I get a number of typical reactions to the these explanations and friend and artist Hugh MacLeod captured some very apropos replies to these reactions (see cartoons above and below). The first reaction I get to my calling Maldives Complete my “hobby” is that “It’s an awfully expensive hobby.” Well, yes, it is expensive…but most hobbies are. Golf, scuba diving, horse riding, restoring old cars, following Springsteen. As Lori says, I am a “Resort Spotter”. Like a “Trainspotter” obsessed with research, finding and seeing every resort and every unique resort feature (and she is much happier being dragged across the Maldives than to obscure railway depots).

A second reaction is that I must be very “talented” to do the coding and writing I do. Quite frankly, the web page coding is not much more sophisticated that one could do after a basic course on HTML and ASP.net. The design is very simple and many have criticized. And the writing is well…more from the heart than from the trained hand. The key to the success of Maldives Complete has been its “completeness”. Keeping all of the data fresh, up-to-date and accurate. That doesn’t take any special skill or talent, just drive to get it right.

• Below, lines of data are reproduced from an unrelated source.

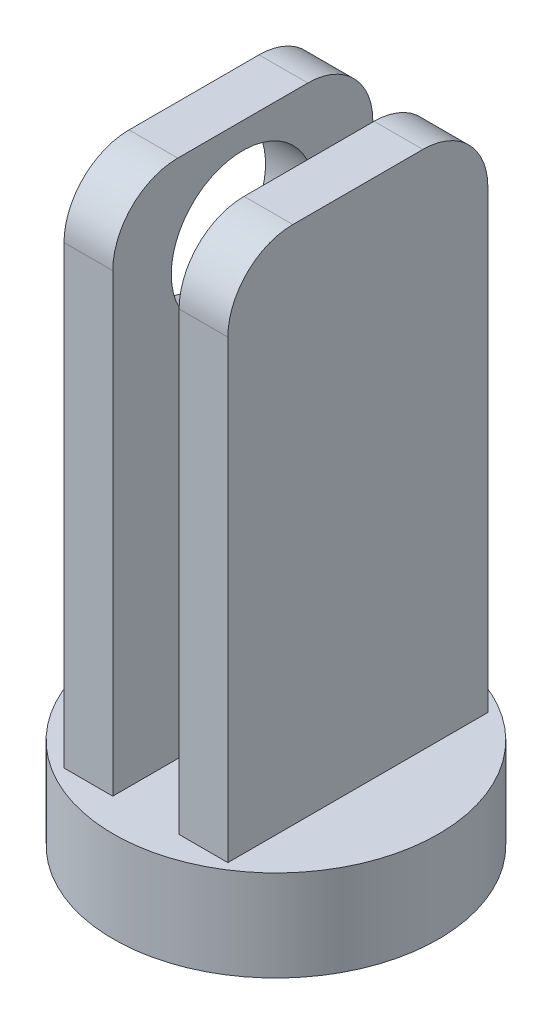
ISO-10303-21;
HEADER;
FILE_DESCRIPTION(('STEP AP214'),'2;1');
FILE_NAME('part.step','',(''),(''),'','','');
FILE_SCHEMA(('AUTOMOTIVE_DESIGN { 1 0 10303 214 1 1 1 1 }'));
ENDSEC;
DATA;
#1=APPLICATION_CONTEXT('core data for automotive mechanical design processes');
#2=APPLICATION_PROTOCOL_DEFINITION('international standard','automotive_design',2000,#1);
#3=PRODUCT_CONTEXT('',#1,'mechanical');
#4=PRODUCT('Part','Part','',(#3));
#5=PRODUCT_RELATED_PRODUCT_CATEGORY('part','',(#4));
#6=PRODUCT_DEFINITION_FORMATION('','',#4);
#7=PRODUCT_DEFINITION_CONTEXT('part definition',#1,'design');
#8=PRODUCT_DEFINITION('design','',#6,#7);
#9=PRODUCT_DEFINITION_SHAPE('','',#8);
#10=(LENGTH_UNIT() NAMED_UNIT(*) SI_UNIT(.MILLI.,.METRE.));
#11=(NAMED_UNIT(*) PLANE_ANGLE_UNIT() SI_UNIT($,.RADIAN.));
#12=(NAMED_UNIT(*) SI_UNIT($,.STERADIAN.) SOLID_ANGLE_UNIT());
#13=UNCERTAINTY_MEASURE_WITH_UNIT(LENGTH_MEASURE(1.E-05),#10,'distance_accuracy_value','');
#14=(GEOMETRIC_REPRESENTATION_CONTEXT(3) GLOBAL_UNCERTAINTY_ASSIGNED_CONTEXT((#13)) GLOBAL_UNIT_ASSIGNED_CONTEXT((#10,
#11,#12)) REPRESENTATION_CONTEXT('',''));
#15=CARTESIAN_POINT('',(0.,0.,0.));
#16=DIRECTION('',(0.,0.,1.));
#17=DIRECTION('',(1.,0.,0.));
#18=AXIS2_PLACEMENT_3D('',#15,#16,#17);
#19=CARTESIAN_POINT('',(0.,14.,0.));
#20=DIRECTION('',(0.,1.,0.));
#21=DIRECTION('',(0.,0.,1.));
#22=AXIS2_PLACEMENT_3D('',#19,#20,#21);
#23=PLANE('',#22);
#24=CARTESIAN_POINT('',(0.,14.,0.));
#25=DIRECTION('',(0.,1.,0.));
#26=DIRECTION('',(0.,0.,1.));
#27=AXIS2_PLACEMENT_3D('',#24,#25,#26);
#28=CIRCLE('',#27,25.);
#29=CARTESIAN_POINT('',(0.,14.,-25.));
#30=VERTEX_POINT('',#29);
#31=EDGE_CURVE('E187',#30,#30,#28,.T.);
#32=ORIENTED_EDGE('',*,*,#31,.T.);
#33=EDGE_LOOP('',(#32));
#34=FACE_BOUND('',#33,.T.);
#35=DIRECTION('',(0.,0.,-1.));
#36=VECTOR('',#35,1.);
#37=CARTESIAN_POINT('',(-5.1,14.,20.));
#38=LINE('',#37,#36);
#39=CARTESIAN_POINT('',(-5.1,14.,20.));
#40=VERTEX_POINT('',#39);
#41=CARTESIAN_POINT('',(-5.1,14.,-20.));
#42=VERTEX_POINT('',#41);
#43=EDGE_CURVE('E165',#40,#42,#38,.T.);
#44=ORIENTED_EDGE('',*,*,#43,.F.);
#45=DIRECTION('',(1.,0.,0.));
#46=VECTOR('',#45,1.);
#47=CARTESIAN_POINT('',(-12.6,14.,20.));
#48=LINE('',#47,#46);
#49=CARTESIAN_POINT('',(-12.6,14.,20.));
#50=VERTEX_POINT('',#49);
#51=EDGE_CURVE('E128',#50,#40,#48,.T.);
#52=ORIENTED_EDGE('',*,*,#51,.F.);
#53=DIRECTION('',(0.,0.,1.));
#54=VECTOR('',#53,1.);
#55=CARTESIAN_POINT('',(-12.6,14.,-20.));
#56=LINE('',#55,#54);
#57=CARTESIAN_POINT('',(-12.6,14.,-20.));
#58=VERTEX_POINT('',#57);
#59=EDGE_CURVE('E159',#58,#50,#56,.T.);
#60=ORIENTED_EDGE('',*,*,#59,.F.);
#61=DIRECTION('',(-1.,0.,0.));
#62=VECTOR('',#61,1.);
#63=CARTESIAN_POINT('',(-5.1,14.,-20.));
#64=LINE('',#63,#62);
#65=EDGE_CURVE('E168',#42,#58,#64,.T.);
#66=ORIENTED_EDGE('',*,*,#65,.F.);
#67=EDGE_LOOP('',(#44,#52,#60,#66));
#68=FACE_BOUND('',#67,.T.);
#69=DIRECTION('',(0.,0.,-1.));
#70=VECTOR('',#69,1.);
#71=CARTESIAN_POINT('',(12.6,14.,20.));
#72=LINE('',#71,#70);
#73=CARTESIAN_POINT('',(12.6,14.,20.));
#74=VERTEX_POINT('',#73);
#75=CARTESIAN_POINT('',(12.6,14.,-20.));
#76=VERTEX_POINT('',#75);
#77=EDGE_CURVE('E124',#74,#76,#72,.T.);
#78=ORIENTED_EDGE('',*,*,#77,.F.);
#79=DIRECTION('',(1.,0.,0.));
#80=VECTOR('',#79,1.);
#81=CARTESIAN_POINT('',(5.1,14.,20.));
#82=LINE('',#81,#80);
#83=CARTESIAN_POINT('',(5.1,14.,20.));
#84=VERTEX_POINT('',#83);
#85=EDGE_CURVE('E132',#84,#74,#82,.T.);
#86=ORIENTED_EDGE('',*,*,#85,.F.);
#87=DIRECTION('',(0.,0.,1.));
#88=VECTOR('',#87,1.);
#89=CARTESIAN_POINT('',(5.1,14.,-20.));
#90=LINE('',#89,#88);
#91=CARTESIAN_POINT('',(5.1,14.,-20.));
#92=VERTEX_POINT('',#91);
#93=EDGE_CURVE('E144',#92,#84,#90,.T.);
#94=ORIENTED_EDGE('',*,*,#93,.F.);
#95=DIRECTION('',(-1.,0.,0.));
#96=VECTOR('',#95,1.);
#97=CARTESIAN_POINT('',(12.6,14.,-20.));
#98=LINE('',#97,#96);
#99=EDGE_CURVE('E142',#76,#92,#98,.T.);
#100=ORIENTED_EDGE('',*,*,#99,.F.);
#101=EDGE_LOOP('',(#78,#86,#94,#100));
#102=FACE_BOUND('',#101,.T.);
#103=ADVANCED_FACE('F32',(#34,#68,#102),#23,.T.);
#104=CARTESIAN_POINT('',(0.,14.,0.));
#105=DIRECTION('',(0.,-1.,0.));
#106=DIRECTION('',(0.,0.,-1.));
#107=AXIS2_PLACEMENT_3D('',#104,#105,#106);
#108=CYLINDRICAL_SURFACE('',#107,25.);
#109=CARTESIAN_POINT('',(0.,0.,0.));
#110=DIRECTION('',(0.,1.,0.));
#111=DIRECTION('',(0.,0.,1.));
#112=AXIS2_PLACEMENT_3D('',#109,#110,#111);
#113=CIRCLE('',#112,25.);
#114=CARTESIAN_POINT('',(0.,0.,-25.));
#115=VERTEX_POINT('',#114);
#116=EDGE_CURVE('E184',#115,#115,#113,.T.);
#117=CARTESIAN_POINT('',(0.,14.,-25.));
#118=CARTESIAN_POINT('',(0.,13.8541666666667,-25.));
#119=CARTESIAN_POINT('',(0.,13.7083333333333,-25.));
#120=CARTESIAN_POINT('',(0.,13.4166666666667,-25.));
#121=CARTESIAN_POINT('',(0.,13.2708333333333,-25.));
#122=CARTESIAN_POINT('',(0.,12.9791666666667,-25.));
#123=CARTESIAN_POINT('',(0.,12.8333333333333,-25.));
#124=CARTESIAN_POINT('',(0.,12.5416666666667,-25.));
#125=CARTESIAN_POINT('',(0.,12.3958333333333,-25.));
#126=CARTESIAN_POINT('',(0.,12.1041666666667,-25.));
#127=CARTESIAN_POINT('',(0.,11.9583333333333,-25.));
#128=CARTESIAN_POINT('',(0.,11.6666666666667,-25.));
#129=CARTESIAN_POINT('',(0.,11.5208333333333,-25.));
#130=CARTESIAN_POINT('',(0.,11.2291666666667,-25.));
#131=CARTESIAN_POINT('',(0.,11.0833333333333,-25.));
#132=CARTESIAN_POINT('',(0.,10.7916666666667,-25.));
#133=CARTESIAN_POINT('',(0.,10.6458333333333,-25.));
#134=CARTESIAN_POINT('',(0.,10.3541666666667,-25.));
#135=CARTESIAN_POINT('',(0.,10.2083333333333,-25.));
#136=CARTESIAN_POINT('',(0.,9.91666666666667,-25.));
#137=CARTESIAN_POINT('',(0.,9.77083333333333,-25.));
#138=CARTESIAN_POINT('',(0.,9.47916666666667,-25.));
#139=CARTESIAN_POINT('',(0.,9.33333333333333,-25.));
#140=CARTESIAN_POINT('',(0.,9.04166666666666,-25.));
#141=CARTESIAN_POINT('',(0.,8.89583333333333,-25.));
#142=CARTESIAN_POINT('',(0.,8.60416666666666,-25.));
#143=CARTESIAN_POINT('',(0.,8.45833333333333,-25.));
#144=CARTESIAN_POINT('',(0.,8.16666666666667,-25.));
#145=CARTESIAN_POINT('',(0.,8.02083333333333,-25.));
#146=CARTESIAN_POINT('',(0.,7.72916666666667,-25.));
#147=CARTESIAN_POINT('',(0.,7.58333333333333,-25.));
#148=CARTESIAN_POINT('',(0.,7.29166666666667,-25.));
#149=CARTESIAN_POINT('',(0.,7.14583333333333,-25.));
#150=CARTESIAN_POINT('',(0.,6.85416666666666,-25.));
#151=CARTESIAN_POINT('',(0.,6.70833333333333,-25.));
#152=CARTESIAN_POINT('',(0.,6.41666666666667,-25.));
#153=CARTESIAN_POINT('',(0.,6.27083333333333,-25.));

Gapingvoid Creativity Drive

Help Me Help Others

Maldives Complete - google

I need help. Despite the steadily increasing traffic, the regular fan mail, the positive words from Facebook and TripAdvisor forums, and the resort support, Maldives Complete still does not rank highly in search engine result pages (SERPs). The site has a very credible Page Ranking of ‘3’, more than many pages that seem to come higher in the results.

The issue is that lots of people investigating the Maldives as a destination for the first time often won’t find Maldives Complete unless someone in-the-know tips them off to it. That means that those prospective visitors get lured to crappy commercial sites that just provide a little bit of generic tantalising information and then bombard them with holiday offers.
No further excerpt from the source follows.